Jubahnya seputih salju, tanpa noda sedikit pun, rambut hitam panjang menjuntai di bahu, memancarkan pesona lembut dan berwibawa. Wajah tampannya tersenyum namun menyiratkan kesedihan. Inilah Gongyu Qingjun, tampak lembut dan santun, tapi di dalamnya penuh kelicikan dan kejam.
Kalau tidak, mana mungkin ia membuat aturan penyelamatan yang sekejam itu?
“Bagaimana kau bisa mengetahui pola jebakanku?” Gongyu Qingjun tersenyum tipis, menatap Nangong Wumei layaknya seekor rubah.
“Jika kau menyelamatkannya, akan kuceritakan padamu.”
Nangong Wumei membantu Baili Mingchuan duduk di satu-satunya kursi panjang di rumah itu, di atasnya terhampar bulu rubah putih bersih. Pria itu sudah tampak linglung akibat banyak kehilangan darah.
“Turun kau!”
Gongyu Qingjun langsung berdiri dari meja kecapi, auranya menggelegar hingga membuat Baili Mingchuan terlempar jatuh.
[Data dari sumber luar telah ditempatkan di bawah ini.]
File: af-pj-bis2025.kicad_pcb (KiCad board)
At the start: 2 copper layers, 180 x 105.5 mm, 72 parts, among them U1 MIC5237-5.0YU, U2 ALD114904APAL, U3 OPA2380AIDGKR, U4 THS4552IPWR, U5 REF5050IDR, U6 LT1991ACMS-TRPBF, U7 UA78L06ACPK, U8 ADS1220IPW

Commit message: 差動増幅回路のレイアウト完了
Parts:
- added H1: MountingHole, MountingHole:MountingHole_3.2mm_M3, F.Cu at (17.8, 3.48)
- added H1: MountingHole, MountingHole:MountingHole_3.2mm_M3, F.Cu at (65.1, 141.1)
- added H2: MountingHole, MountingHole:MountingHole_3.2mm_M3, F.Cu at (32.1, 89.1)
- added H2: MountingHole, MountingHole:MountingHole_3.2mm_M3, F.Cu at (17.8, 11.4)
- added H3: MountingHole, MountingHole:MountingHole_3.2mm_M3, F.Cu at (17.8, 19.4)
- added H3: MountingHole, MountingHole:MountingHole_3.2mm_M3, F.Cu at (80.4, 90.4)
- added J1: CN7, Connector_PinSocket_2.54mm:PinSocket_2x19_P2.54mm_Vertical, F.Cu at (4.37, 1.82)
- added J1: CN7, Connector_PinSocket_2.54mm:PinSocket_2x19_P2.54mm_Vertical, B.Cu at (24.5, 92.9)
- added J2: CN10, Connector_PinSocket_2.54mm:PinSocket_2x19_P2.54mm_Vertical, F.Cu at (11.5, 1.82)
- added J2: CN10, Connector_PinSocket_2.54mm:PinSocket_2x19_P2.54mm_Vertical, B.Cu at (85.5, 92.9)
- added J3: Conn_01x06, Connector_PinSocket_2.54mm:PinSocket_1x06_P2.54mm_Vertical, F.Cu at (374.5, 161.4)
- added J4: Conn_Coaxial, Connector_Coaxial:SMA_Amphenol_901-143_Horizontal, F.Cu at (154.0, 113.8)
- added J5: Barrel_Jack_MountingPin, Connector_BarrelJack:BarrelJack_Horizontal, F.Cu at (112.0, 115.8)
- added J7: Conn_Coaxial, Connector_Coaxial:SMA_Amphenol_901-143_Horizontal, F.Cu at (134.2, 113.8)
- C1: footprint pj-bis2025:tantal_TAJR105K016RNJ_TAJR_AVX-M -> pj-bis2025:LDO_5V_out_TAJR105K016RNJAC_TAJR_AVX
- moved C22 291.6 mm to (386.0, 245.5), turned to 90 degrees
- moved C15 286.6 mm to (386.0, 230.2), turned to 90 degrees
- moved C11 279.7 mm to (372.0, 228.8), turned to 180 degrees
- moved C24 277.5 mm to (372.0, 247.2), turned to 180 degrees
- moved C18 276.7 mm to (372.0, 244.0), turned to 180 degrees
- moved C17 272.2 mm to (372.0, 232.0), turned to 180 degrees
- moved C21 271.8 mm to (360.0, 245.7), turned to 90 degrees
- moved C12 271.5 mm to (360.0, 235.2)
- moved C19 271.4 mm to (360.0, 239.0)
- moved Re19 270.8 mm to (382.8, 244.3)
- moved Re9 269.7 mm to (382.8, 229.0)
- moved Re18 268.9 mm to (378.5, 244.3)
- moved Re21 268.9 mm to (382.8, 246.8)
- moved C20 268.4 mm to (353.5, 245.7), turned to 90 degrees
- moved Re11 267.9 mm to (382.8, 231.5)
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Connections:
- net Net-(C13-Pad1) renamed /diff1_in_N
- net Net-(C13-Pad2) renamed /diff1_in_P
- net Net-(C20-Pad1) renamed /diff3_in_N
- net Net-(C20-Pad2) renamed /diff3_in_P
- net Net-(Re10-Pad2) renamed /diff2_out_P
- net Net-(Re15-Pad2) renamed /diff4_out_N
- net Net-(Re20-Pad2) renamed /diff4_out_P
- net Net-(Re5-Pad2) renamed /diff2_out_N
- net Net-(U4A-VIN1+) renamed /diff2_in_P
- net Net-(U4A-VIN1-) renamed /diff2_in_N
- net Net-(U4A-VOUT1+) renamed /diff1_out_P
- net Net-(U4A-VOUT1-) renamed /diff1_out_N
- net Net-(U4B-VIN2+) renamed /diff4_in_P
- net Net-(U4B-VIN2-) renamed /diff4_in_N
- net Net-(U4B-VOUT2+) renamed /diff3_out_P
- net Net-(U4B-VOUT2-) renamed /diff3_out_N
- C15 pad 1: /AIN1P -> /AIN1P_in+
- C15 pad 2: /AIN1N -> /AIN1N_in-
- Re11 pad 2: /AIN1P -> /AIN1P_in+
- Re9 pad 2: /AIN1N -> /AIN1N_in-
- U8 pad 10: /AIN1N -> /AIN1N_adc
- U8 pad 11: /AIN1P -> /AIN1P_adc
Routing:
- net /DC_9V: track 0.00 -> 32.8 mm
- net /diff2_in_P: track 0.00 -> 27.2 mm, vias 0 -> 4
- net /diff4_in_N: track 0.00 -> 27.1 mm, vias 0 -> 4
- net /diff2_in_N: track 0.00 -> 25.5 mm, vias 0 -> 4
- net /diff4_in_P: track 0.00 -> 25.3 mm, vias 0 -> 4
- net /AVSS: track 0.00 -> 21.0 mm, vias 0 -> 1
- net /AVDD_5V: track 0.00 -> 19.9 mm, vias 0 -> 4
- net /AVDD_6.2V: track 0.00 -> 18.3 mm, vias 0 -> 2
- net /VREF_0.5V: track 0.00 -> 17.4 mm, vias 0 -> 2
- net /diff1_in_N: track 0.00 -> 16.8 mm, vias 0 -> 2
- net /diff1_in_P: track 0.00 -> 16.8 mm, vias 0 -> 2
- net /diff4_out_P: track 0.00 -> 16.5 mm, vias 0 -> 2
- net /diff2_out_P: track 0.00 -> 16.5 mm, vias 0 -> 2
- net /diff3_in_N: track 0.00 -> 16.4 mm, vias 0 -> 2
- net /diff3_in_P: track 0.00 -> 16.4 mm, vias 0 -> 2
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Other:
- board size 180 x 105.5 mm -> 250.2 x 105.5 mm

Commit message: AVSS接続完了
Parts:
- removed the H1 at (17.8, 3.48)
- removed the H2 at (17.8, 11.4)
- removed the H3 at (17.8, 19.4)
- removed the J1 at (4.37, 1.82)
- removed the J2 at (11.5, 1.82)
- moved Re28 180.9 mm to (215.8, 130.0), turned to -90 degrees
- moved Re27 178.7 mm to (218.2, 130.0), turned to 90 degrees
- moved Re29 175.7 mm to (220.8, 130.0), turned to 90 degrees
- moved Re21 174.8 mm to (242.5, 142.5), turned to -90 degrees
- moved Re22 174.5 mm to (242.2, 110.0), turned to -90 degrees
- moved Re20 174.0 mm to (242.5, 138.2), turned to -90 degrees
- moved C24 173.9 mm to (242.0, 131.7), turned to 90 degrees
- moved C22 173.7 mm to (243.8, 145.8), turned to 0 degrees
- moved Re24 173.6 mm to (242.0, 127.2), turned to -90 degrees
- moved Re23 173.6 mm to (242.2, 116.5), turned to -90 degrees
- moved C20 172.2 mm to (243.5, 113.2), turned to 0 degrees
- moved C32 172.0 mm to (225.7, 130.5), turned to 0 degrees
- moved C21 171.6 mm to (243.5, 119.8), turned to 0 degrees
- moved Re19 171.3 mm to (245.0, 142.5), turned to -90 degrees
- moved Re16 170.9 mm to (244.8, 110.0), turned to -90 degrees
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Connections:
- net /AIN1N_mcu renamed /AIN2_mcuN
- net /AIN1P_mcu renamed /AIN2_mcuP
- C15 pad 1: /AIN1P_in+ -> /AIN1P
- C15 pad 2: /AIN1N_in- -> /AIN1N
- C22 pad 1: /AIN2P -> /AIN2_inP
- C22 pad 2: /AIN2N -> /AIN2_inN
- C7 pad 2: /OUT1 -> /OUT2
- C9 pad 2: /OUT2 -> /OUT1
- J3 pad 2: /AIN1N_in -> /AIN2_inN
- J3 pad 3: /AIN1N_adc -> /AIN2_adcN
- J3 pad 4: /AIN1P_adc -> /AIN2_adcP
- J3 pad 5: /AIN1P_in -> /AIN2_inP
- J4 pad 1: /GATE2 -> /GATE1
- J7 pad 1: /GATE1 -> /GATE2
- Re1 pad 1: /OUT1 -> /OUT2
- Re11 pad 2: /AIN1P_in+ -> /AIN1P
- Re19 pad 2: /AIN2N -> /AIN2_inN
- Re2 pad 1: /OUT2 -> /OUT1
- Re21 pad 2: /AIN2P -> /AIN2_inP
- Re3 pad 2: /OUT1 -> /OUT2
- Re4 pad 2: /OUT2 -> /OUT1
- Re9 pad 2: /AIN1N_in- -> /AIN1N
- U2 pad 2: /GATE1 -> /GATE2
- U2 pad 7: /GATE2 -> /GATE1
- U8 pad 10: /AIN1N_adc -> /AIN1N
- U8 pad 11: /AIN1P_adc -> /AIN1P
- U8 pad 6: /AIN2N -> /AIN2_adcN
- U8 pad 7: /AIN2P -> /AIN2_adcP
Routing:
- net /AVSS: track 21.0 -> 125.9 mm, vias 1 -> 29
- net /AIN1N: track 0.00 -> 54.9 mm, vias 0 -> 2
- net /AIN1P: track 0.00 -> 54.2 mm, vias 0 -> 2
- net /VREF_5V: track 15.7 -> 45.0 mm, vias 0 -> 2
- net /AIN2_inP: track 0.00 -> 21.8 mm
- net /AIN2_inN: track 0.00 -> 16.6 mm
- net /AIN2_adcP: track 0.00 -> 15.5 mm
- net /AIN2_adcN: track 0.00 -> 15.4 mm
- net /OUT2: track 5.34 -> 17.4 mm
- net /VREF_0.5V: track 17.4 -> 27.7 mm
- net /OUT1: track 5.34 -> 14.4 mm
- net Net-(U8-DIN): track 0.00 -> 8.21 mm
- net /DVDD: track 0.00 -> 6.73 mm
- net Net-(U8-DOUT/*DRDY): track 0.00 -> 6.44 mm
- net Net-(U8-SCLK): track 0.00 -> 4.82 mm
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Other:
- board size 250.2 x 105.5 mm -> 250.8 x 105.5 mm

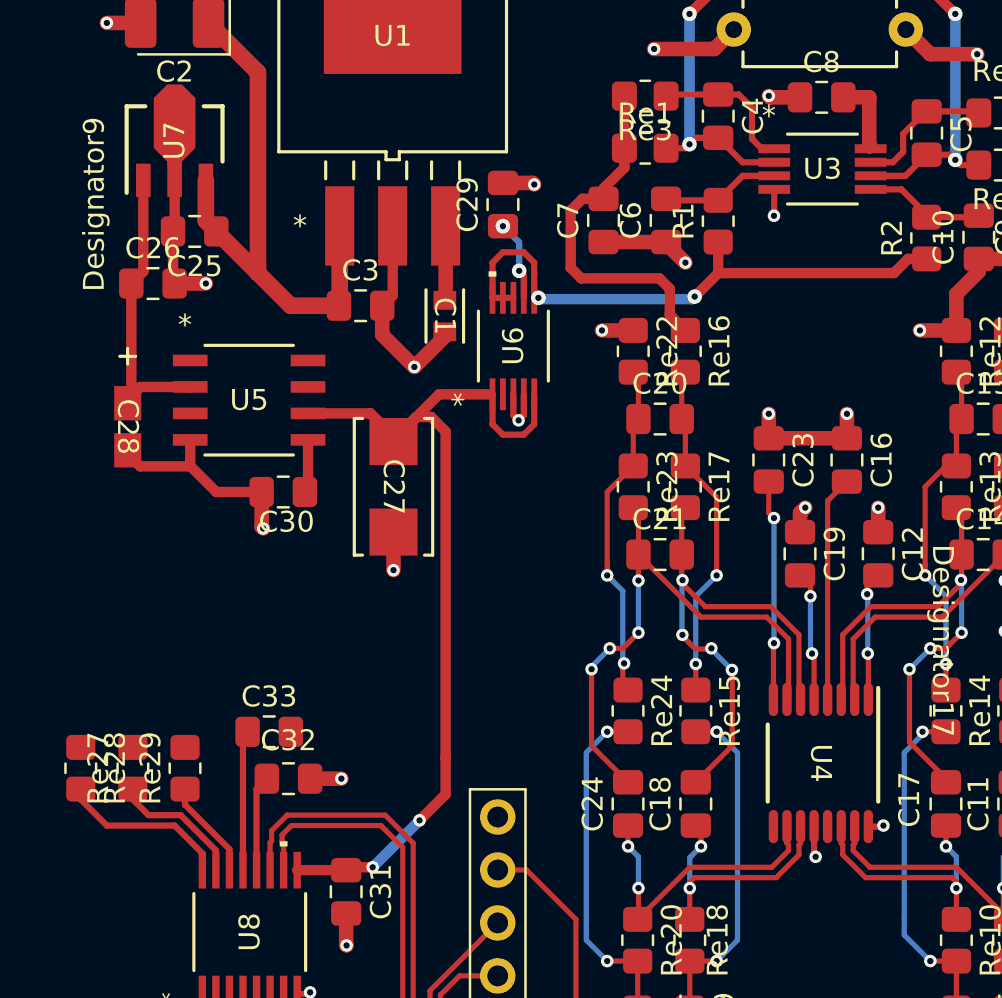
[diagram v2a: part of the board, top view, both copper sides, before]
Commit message: AVDD-5Vを配線
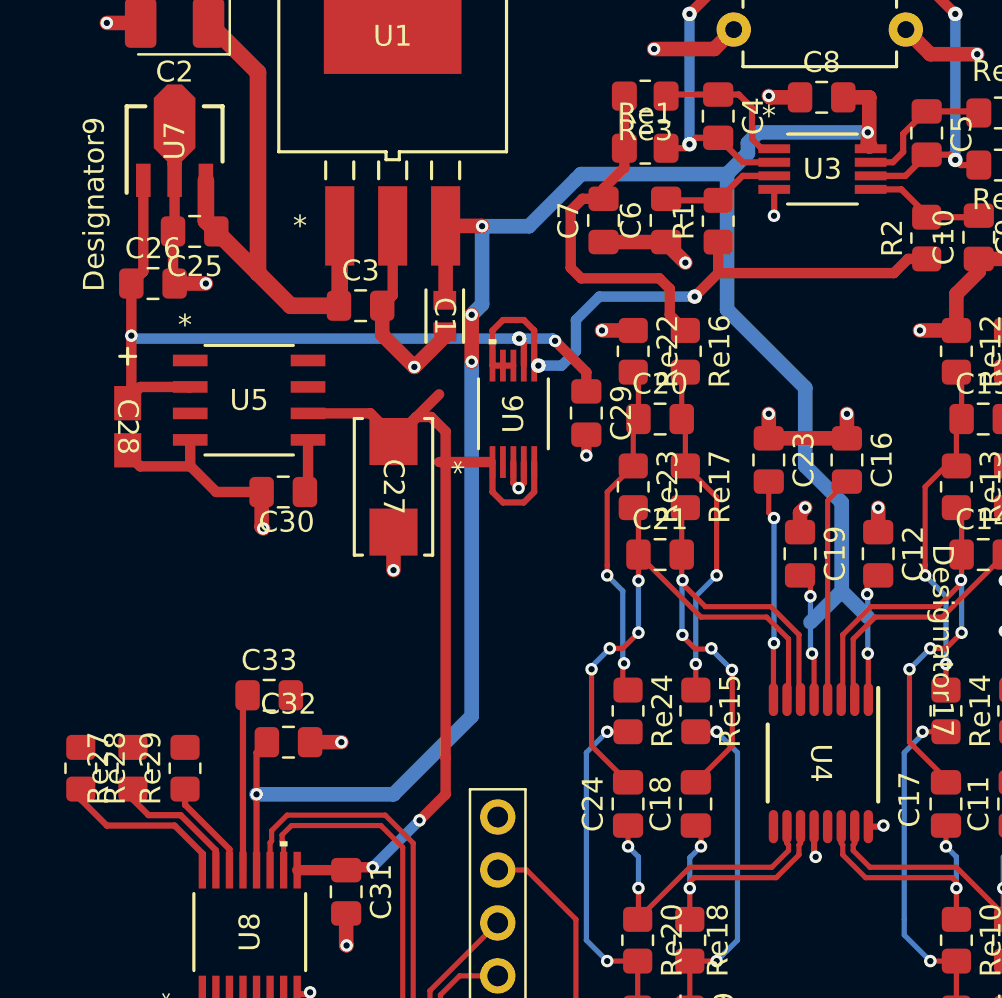
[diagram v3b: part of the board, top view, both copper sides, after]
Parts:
- moved C29 10.8 mm to (240.0, 113.0), turned to -90 degrees
- moved U6 3.25 mm to (236.5, 113.0)
- moved C32 1.75 mm to (225.7, 128.8)
- moved C33 1.75 mm to (224.8, 126.5)
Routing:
- net /AVDD_5V: track 24.5 -> 111.1 mm, vias 4 -> 9
- net /AVDD_6.2V: track 18.3 -> 39.3 mm, vias 2 -> 3
- net /VREF_0.5V: track 27.7 -> 29.9 mm
- net /DVDD: track 6.73 -> 8.48 mm
- net /AVSS: track 125.9 -> 125.3 mm

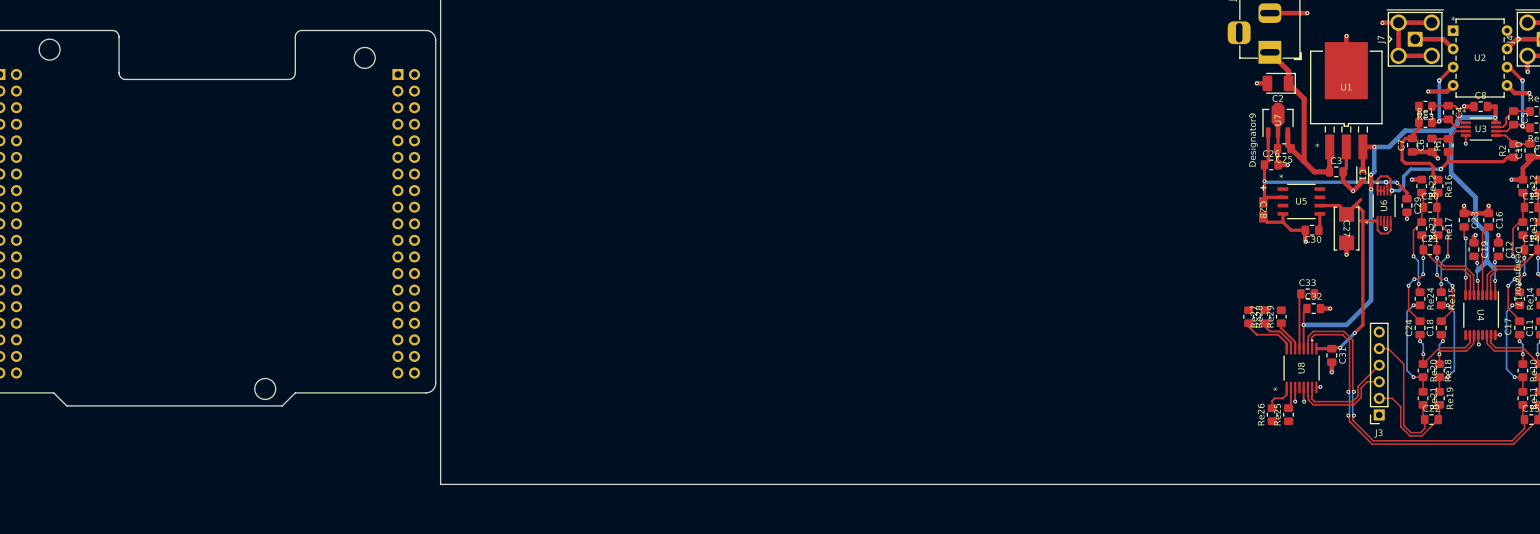
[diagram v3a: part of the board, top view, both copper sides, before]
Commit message: LCDの配線完了
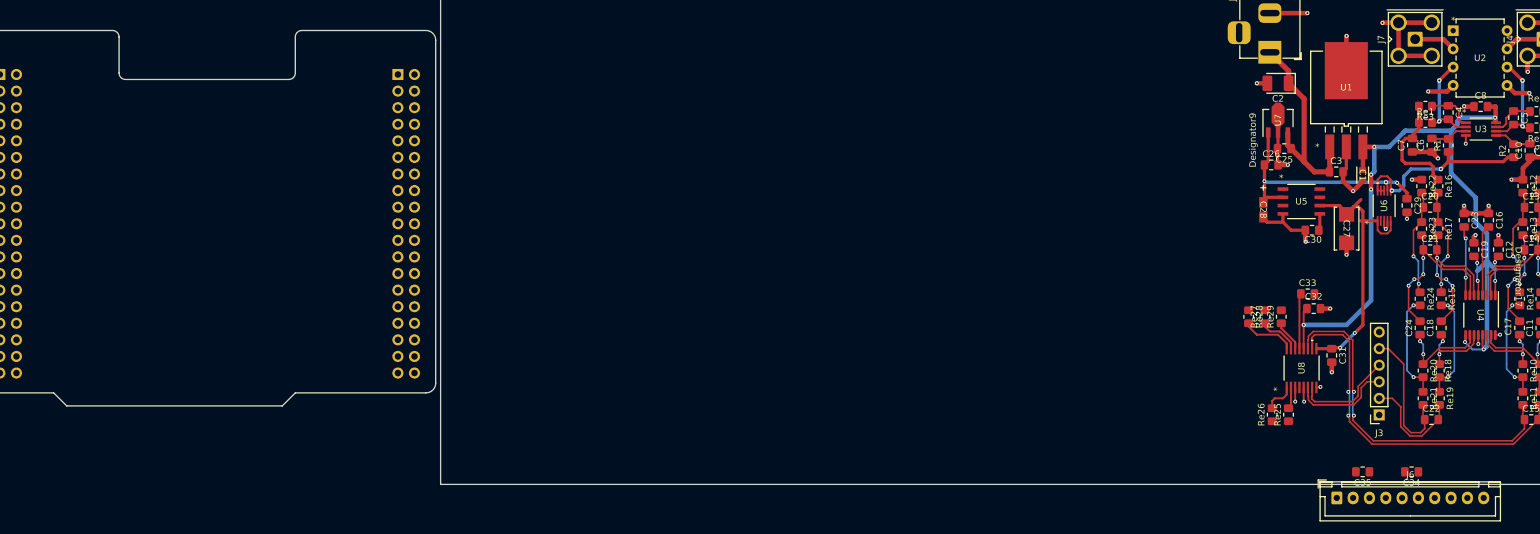
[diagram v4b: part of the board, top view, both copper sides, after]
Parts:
- removed H1, H2, H3: MountingHole, MountingHole:MountingHole_3.2mm_M3
- added C34: 0.1u, Capacitor_SMD:C_0805_2012Metric_Pad1.18x1.45mm_HandSolder, F.Cu at (240.7, 153.8)
- added C35: 0.1u, Capacitor_SMD:C_0805_2012Metric_Pad1.18x1.45mm_HandSolder, F.Cu at (233.2, 153.8)
- added J6: Conn_01x10, Connector_JST:JST_XH_B10B-XH-A_1x10_P2.50mm_Vertical, F.Cu at (229.2, 157.8)
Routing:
- net /AVDD_5V: track 111.1 -> 131.5 mm, vias 9 -> 11

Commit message: ADCのディジタル配線完了
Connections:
- net /CS* renamed /ADC_CS
- net /DIN renamed /ADC_MOSI
- net /DOUT renamed /ADC_MISO
- net /DRDY renamed /ADC_DRDY
- net /LCD_SCK renamed /LCD_SCLK
- net /SCLK renamed /ADC_SCLK

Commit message: EdgeCutsを調整した
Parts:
- removed J6: Conn_01x10, Connector_JST:JST_XH_B10B-XH-A_1x10_P2.50mm_Vertical
- added J8: Conn_01x10, Connector_JST:JST_XH_B10B-XH-A_1x10_P2.50mm_Vertical, F.Cu at (177.2, 132.8)
- moved J2 125.4 mm to (210.8, 88.2)
- moved J1 125.4 mm to (149.8, 88.2)
- moved C13 63.1 mm to (200.8, 89.1)
- moved C14 63.1 mm to (200.8, 95.6)
- moved C15 63.1 mm to (200.8, 121.6)
- moved C10 63.1 mm to (200.6, 80.4)
- moved C11 63.1 mm to (202.2, 107.5)
- moved C12 63.1 mm to (195.8, 95.5)
- moved C16 63.1 mm to (194.2, 91.0)
- moved C17 63.1 mm to (199.0, 107.5)
- moved C18 63.1 mm to (187.0, 107.5)
- moved C19 63.1 mm to (192.0, 95.5)
- moved C23 63.1 mm to (190.5, 91.0)
- moved C24 63.1 mm to (183.8, 107.5)
- moved C29 63.1 mm to (181.8, 88.8)
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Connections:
- C33 pad 1: /DVDD -> +3V3
- C33 pad 2: /DVSS -> /AVSS
- U8 pad 13: /DVDD -> +3V3
- U8 pad 4: /DVSS -> /AVSS
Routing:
- net +3V3: track 0.00 -> 17.5 mm
- net GND: track 0.00 -> 15.7 mm
- net /DVDD: track 8.48 -> 0.00 mm
- net /LCD_DISP: track 0.00 -> 4.00 mm
- net /VREF_5V: track 45.0 -> 41.6 mm
- net /AVSS: track 125.2 -> 123.6 mm, vias 29 -> 28
- added copper zone on B.Cu, net /AVSS
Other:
- board size 250.8 x 105.5 mm -> 70 x 88.8 mm

“Siapa yang mengizinkanmu duduk di situ?”
Melihat bulu rubah putih yang ternoda darah, wajah tampan Gongyu Qingjun langsung menegang, namun Baili Mingchuan justru tersadar kembali karena guncangan itu.
“Aku suruh kau sembuhkan racun perempuan ini, kenapa malah berteriak?”
Suaranya tetap bergetar, namun soal watak, Baili Mingchuan tak akan pernah mengalah.
Tangan Nangong Wumei yang menopang Baili Mingchuan menggenggam lebih erat, ia tak mengerti, bukankah kursi itu memang untuk mengobati orang?
“Minggir, aku tak ingin menyelamatkan siapa pun.”
Gongyu Qingjun entah dari mana mengeluarkan sapu tangan putih bersih, lalu dengan kasar menghapus bercak darah di bulu rubah, tangannya bergetar hebat setiap kali menyeka!